§ Task details
Starting at the first line of the records and stopping at the line that contains "#11=(NAMED_UNIT(*) PLANE_ANGLE_UNIT() SI_UNIT($,.RADIAN.));", transcribe every line exactly and leave out the pictures.

Data excerpts:
□ □ □ □ □ □ □
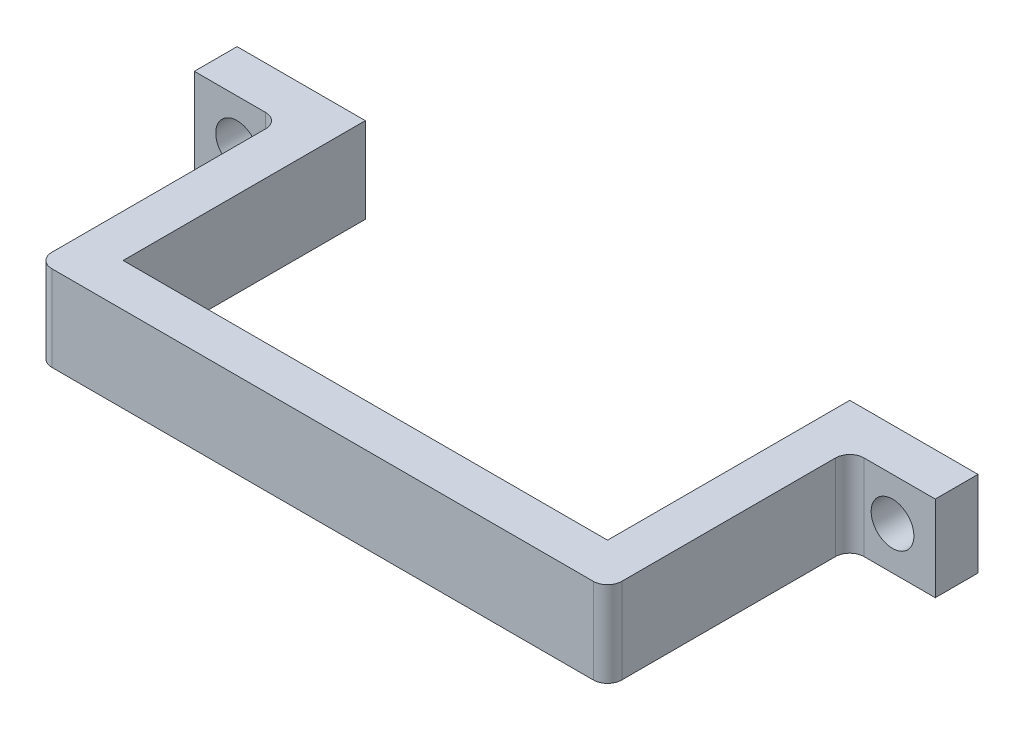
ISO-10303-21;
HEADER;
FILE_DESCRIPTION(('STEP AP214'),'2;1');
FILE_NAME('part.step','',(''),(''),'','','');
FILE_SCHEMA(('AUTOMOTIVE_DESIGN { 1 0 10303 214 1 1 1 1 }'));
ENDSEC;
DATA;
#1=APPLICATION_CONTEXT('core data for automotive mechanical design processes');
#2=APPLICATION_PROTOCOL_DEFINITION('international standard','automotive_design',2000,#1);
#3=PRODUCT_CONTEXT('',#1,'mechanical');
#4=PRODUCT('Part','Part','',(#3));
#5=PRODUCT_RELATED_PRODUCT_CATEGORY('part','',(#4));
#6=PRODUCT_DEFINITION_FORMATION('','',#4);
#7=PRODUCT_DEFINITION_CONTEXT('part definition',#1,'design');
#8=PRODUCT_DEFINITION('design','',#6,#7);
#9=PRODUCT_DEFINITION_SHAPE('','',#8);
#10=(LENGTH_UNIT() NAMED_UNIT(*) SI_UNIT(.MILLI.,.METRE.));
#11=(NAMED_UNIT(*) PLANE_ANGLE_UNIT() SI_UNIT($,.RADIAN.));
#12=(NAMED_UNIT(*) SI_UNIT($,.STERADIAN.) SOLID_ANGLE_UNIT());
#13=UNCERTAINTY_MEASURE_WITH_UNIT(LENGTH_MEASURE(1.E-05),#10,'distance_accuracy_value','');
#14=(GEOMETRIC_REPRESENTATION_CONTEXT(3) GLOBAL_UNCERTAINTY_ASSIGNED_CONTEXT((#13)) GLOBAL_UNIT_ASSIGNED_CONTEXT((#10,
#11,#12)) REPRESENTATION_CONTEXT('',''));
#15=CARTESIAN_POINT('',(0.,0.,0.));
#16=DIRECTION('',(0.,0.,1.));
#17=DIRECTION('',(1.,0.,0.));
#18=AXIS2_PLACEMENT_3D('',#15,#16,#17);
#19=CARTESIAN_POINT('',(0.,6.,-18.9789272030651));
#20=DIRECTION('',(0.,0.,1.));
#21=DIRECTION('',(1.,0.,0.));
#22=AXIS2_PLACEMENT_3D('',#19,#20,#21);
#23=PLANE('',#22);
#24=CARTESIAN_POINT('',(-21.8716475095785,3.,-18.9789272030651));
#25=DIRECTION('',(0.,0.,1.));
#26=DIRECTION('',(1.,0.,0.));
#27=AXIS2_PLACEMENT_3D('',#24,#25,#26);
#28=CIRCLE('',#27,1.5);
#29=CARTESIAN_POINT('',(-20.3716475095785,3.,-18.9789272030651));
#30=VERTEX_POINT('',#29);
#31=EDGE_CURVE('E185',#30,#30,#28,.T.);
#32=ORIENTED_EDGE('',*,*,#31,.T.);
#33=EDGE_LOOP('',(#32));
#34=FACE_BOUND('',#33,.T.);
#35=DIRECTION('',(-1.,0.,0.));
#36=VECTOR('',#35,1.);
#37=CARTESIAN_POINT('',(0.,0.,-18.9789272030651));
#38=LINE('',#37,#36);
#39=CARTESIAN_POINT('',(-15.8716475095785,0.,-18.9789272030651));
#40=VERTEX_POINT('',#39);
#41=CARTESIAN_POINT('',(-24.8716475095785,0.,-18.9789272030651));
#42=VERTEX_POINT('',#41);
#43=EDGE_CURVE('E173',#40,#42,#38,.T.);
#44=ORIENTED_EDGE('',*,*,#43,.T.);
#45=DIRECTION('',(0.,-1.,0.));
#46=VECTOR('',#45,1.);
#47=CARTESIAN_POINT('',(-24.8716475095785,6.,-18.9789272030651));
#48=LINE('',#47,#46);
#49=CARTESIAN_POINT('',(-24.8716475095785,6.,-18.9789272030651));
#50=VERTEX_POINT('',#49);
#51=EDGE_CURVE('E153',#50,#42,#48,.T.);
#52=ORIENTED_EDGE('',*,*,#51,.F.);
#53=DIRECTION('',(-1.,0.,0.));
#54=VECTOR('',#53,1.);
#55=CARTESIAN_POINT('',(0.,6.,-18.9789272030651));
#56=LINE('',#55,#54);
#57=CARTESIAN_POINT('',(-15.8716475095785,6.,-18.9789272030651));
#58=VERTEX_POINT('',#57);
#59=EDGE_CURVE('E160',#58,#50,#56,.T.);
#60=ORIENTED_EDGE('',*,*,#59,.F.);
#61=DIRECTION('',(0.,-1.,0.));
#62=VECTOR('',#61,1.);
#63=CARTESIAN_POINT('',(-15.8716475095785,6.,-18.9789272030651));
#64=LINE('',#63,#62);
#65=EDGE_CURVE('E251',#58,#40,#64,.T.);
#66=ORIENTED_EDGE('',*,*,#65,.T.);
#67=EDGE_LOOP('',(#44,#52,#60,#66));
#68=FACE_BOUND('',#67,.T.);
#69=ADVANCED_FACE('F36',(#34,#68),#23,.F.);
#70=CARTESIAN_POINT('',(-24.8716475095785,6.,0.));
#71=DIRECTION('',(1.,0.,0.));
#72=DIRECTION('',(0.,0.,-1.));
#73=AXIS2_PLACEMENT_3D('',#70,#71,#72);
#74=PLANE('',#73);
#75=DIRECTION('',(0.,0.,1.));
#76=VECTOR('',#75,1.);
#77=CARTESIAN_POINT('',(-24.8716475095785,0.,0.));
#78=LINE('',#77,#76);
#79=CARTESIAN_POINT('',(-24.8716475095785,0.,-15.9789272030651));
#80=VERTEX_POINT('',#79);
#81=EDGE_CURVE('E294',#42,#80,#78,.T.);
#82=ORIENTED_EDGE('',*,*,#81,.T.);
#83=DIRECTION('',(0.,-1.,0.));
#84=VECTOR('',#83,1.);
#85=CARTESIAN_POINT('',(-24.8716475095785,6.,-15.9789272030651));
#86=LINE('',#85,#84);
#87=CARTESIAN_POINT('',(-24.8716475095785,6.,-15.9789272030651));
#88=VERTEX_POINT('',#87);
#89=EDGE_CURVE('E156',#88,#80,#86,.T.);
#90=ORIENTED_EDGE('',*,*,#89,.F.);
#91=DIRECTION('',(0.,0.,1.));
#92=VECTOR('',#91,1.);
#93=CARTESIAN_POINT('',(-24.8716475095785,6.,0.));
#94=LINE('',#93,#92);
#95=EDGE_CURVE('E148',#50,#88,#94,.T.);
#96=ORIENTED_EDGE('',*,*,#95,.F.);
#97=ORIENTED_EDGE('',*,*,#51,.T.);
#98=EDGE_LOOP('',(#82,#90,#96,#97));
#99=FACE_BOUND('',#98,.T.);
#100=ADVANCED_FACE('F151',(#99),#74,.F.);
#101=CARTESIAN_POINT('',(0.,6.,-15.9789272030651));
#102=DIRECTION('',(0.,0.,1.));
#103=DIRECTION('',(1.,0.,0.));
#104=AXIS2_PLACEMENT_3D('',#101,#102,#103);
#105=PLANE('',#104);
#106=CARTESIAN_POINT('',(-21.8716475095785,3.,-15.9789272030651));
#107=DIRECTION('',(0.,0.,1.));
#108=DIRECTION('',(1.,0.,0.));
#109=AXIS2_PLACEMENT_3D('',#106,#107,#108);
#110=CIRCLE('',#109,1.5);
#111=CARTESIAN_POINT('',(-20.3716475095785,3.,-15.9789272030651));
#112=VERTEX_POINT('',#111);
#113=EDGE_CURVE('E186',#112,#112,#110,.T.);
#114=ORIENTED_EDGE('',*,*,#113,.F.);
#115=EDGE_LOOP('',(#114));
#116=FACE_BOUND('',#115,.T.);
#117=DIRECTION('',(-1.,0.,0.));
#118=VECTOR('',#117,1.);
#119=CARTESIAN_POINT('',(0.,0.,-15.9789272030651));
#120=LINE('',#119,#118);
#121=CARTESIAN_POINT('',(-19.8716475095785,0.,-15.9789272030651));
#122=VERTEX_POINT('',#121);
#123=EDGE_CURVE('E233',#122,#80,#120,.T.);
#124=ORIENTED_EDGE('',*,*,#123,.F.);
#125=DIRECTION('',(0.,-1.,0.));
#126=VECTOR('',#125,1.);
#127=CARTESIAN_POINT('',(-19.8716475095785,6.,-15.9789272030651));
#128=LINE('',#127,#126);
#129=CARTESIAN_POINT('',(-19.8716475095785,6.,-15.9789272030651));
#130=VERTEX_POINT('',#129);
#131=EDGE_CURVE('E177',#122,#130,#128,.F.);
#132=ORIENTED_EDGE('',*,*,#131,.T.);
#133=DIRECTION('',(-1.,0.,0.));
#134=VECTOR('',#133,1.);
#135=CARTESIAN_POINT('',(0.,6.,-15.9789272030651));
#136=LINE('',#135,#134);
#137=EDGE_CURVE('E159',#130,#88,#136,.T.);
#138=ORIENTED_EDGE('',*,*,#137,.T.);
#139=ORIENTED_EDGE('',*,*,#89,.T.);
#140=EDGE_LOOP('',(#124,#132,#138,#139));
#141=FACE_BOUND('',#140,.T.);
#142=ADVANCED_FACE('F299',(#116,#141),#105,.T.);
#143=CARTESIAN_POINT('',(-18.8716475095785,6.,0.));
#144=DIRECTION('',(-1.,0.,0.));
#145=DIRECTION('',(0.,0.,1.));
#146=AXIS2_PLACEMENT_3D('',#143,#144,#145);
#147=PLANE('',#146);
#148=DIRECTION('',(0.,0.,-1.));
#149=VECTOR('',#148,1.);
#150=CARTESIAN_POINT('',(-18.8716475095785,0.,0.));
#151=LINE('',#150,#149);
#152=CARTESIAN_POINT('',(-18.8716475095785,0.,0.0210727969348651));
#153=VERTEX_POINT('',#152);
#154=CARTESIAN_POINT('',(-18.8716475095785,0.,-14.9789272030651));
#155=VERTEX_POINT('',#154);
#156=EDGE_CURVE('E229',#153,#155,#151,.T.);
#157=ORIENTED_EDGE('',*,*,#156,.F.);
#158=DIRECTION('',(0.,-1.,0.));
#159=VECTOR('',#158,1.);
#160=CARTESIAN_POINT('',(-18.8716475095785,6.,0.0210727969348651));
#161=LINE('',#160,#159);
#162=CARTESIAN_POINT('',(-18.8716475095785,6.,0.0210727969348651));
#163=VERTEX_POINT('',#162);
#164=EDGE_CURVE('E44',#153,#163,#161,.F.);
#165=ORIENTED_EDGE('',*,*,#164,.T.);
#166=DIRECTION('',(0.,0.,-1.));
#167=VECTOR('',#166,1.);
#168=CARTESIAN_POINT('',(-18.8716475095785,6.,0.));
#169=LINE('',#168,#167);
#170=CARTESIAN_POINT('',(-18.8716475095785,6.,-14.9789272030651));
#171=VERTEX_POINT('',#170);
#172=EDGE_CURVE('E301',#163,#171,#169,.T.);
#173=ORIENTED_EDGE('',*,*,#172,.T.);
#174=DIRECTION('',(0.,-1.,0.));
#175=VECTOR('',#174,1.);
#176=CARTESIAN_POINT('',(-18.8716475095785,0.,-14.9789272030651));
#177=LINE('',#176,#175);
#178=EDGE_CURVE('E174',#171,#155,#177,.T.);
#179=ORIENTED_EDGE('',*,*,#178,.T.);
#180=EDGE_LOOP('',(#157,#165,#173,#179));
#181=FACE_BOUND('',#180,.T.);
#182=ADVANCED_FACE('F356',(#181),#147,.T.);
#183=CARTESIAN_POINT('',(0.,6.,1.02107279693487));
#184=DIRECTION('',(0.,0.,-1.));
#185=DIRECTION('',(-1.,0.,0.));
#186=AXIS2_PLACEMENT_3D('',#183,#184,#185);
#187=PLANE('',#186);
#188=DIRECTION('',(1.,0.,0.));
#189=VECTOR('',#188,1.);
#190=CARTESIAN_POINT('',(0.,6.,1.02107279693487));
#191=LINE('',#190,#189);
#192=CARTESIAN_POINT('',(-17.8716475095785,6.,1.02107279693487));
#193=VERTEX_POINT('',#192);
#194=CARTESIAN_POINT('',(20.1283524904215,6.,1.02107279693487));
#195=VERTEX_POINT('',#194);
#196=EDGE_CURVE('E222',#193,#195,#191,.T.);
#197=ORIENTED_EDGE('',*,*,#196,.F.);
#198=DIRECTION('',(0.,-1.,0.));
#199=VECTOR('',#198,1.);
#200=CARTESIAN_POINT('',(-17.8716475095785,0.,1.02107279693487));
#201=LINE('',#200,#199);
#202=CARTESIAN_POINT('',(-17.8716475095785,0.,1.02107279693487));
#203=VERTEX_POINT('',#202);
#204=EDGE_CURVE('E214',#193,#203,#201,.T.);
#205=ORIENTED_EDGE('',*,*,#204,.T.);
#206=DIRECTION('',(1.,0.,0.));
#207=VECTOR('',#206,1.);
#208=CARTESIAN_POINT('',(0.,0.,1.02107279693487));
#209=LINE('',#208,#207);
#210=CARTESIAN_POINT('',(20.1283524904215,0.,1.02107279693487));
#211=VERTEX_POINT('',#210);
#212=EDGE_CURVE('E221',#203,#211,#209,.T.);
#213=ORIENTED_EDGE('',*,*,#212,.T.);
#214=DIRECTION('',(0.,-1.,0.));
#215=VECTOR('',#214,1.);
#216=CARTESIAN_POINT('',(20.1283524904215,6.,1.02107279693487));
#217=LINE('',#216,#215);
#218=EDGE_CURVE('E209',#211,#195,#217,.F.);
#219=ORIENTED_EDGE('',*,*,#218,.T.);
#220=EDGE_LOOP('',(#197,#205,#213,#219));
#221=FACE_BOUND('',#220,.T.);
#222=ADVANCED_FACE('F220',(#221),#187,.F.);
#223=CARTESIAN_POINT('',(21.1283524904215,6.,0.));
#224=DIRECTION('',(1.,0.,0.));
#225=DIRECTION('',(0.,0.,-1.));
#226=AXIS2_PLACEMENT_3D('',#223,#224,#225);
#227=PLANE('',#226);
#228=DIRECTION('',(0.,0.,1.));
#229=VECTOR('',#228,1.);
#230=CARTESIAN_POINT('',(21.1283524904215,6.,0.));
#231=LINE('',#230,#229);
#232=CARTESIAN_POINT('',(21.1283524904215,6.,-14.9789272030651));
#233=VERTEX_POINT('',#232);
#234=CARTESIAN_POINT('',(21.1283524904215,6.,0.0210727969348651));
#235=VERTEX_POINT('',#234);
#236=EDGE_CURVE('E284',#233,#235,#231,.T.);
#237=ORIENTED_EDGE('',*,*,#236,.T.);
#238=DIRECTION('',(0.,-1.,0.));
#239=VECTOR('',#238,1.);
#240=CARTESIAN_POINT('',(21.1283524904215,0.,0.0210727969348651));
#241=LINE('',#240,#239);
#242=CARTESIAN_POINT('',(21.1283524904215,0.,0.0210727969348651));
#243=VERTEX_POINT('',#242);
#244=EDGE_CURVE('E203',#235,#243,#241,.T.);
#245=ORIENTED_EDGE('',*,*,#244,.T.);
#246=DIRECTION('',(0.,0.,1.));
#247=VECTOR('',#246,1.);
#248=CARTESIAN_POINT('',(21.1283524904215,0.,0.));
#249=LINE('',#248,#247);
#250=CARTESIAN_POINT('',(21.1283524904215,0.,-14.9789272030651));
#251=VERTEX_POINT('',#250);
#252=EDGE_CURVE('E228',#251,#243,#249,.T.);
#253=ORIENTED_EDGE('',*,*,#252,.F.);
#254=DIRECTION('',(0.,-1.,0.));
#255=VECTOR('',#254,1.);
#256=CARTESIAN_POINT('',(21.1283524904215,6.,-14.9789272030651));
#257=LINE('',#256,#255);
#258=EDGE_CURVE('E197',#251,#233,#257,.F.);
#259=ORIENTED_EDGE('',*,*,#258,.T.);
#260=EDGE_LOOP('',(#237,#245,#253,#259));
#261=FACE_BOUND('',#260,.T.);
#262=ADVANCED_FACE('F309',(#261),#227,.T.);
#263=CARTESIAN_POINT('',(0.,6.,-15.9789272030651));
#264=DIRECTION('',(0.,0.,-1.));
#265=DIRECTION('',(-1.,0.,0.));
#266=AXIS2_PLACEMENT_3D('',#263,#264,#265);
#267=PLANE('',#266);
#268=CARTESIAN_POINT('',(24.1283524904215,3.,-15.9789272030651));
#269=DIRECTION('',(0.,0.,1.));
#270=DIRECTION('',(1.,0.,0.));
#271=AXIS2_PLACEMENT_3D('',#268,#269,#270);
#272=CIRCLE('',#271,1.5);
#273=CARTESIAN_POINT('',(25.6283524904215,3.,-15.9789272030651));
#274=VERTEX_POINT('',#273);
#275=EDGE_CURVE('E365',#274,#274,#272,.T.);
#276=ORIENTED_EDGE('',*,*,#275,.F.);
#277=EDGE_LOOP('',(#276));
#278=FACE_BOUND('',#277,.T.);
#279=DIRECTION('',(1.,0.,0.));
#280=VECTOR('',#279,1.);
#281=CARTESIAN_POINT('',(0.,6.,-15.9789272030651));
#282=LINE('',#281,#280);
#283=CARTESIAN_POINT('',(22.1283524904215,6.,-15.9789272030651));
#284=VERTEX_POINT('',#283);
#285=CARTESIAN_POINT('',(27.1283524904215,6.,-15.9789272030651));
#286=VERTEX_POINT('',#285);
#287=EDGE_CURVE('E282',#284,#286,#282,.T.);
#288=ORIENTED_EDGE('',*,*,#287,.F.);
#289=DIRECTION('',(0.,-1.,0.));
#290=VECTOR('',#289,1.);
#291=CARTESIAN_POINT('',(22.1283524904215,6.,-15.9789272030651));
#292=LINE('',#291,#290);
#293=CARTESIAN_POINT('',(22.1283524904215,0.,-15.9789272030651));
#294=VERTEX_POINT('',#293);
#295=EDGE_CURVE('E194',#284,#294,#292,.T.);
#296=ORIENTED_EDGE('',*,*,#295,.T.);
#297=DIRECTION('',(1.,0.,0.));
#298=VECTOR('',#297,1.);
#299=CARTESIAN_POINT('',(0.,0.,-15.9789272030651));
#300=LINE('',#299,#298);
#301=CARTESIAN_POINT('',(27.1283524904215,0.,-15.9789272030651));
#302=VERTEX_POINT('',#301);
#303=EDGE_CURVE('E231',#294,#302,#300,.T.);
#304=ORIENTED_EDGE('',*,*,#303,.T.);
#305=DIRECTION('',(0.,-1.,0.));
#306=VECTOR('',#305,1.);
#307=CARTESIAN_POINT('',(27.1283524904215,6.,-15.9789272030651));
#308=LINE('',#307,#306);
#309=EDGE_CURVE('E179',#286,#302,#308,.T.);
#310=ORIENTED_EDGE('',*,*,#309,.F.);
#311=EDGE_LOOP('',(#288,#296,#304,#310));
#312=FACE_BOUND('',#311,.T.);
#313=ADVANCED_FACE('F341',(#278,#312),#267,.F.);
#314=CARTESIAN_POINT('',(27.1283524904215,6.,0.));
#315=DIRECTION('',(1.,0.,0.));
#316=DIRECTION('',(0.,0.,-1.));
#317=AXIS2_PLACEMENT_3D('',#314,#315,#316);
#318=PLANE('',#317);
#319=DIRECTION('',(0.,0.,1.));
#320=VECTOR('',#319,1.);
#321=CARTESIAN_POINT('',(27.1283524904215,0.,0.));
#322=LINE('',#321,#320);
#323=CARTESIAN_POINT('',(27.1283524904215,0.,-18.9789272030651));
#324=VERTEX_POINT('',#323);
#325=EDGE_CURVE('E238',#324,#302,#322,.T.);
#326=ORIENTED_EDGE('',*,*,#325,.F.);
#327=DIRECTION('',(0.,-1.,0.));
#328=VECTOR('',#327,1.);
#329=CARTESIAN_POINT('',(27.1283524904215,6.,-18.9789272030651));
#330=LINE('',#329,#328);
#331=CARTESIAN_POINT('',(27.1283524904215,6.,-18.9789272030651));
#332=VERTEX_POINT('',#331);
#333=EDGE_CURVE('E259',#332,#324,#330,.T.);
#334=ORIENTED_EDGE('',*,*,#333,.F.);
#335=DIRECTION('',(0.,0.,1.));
□ □ □ □ □ □ □
§ Response to this task
ISO-10303-21;
HEADER;
FILE_DESCRIPTION(('STEP AP214'),'2;1');
FILE_NAME('part.step','',(''),(''),'','','');
FILE_SCHEMA(('AUTOMOTIVE_DESIGN { 1 0 10303 214 1 1 1 1 }'));
ENDSEC;
DATA;
#1=APPLICATION_CONTEXT('core data for automotive mechanical design processes');
#2=APPLICATION_PROTOCOL_DEFINITION('international standard','automotive_design',2000,#1);
#3=PRODUCT_CONTEXT('',#1,'mechanical');
#4=PRODUCT('Part','Part','',(#3));
#5=PRODUCT_RELATED_PRODUCT_CATEGORY('part','',(#4));
#6=PRODUCT_DEFINITION_FORMATION('','',#4);
#7=PRODUCT_DEFINITION_CONTEXT('part definition',#1,'design');
#8=PRODUCT_DEFINITION('design','',#6,#7);
#9=PRODUCT_DEFINITION_SHAPE('','',#8);
#10=(LENGTH_UNIT() NAMED_UNIT(*) SI_UNIT(.MILLI.,.METRE.));
#11=(NAMED_UNIT(*) PLANE_ANGLE_UNIT() SI_UNIT($,.RADIAN.));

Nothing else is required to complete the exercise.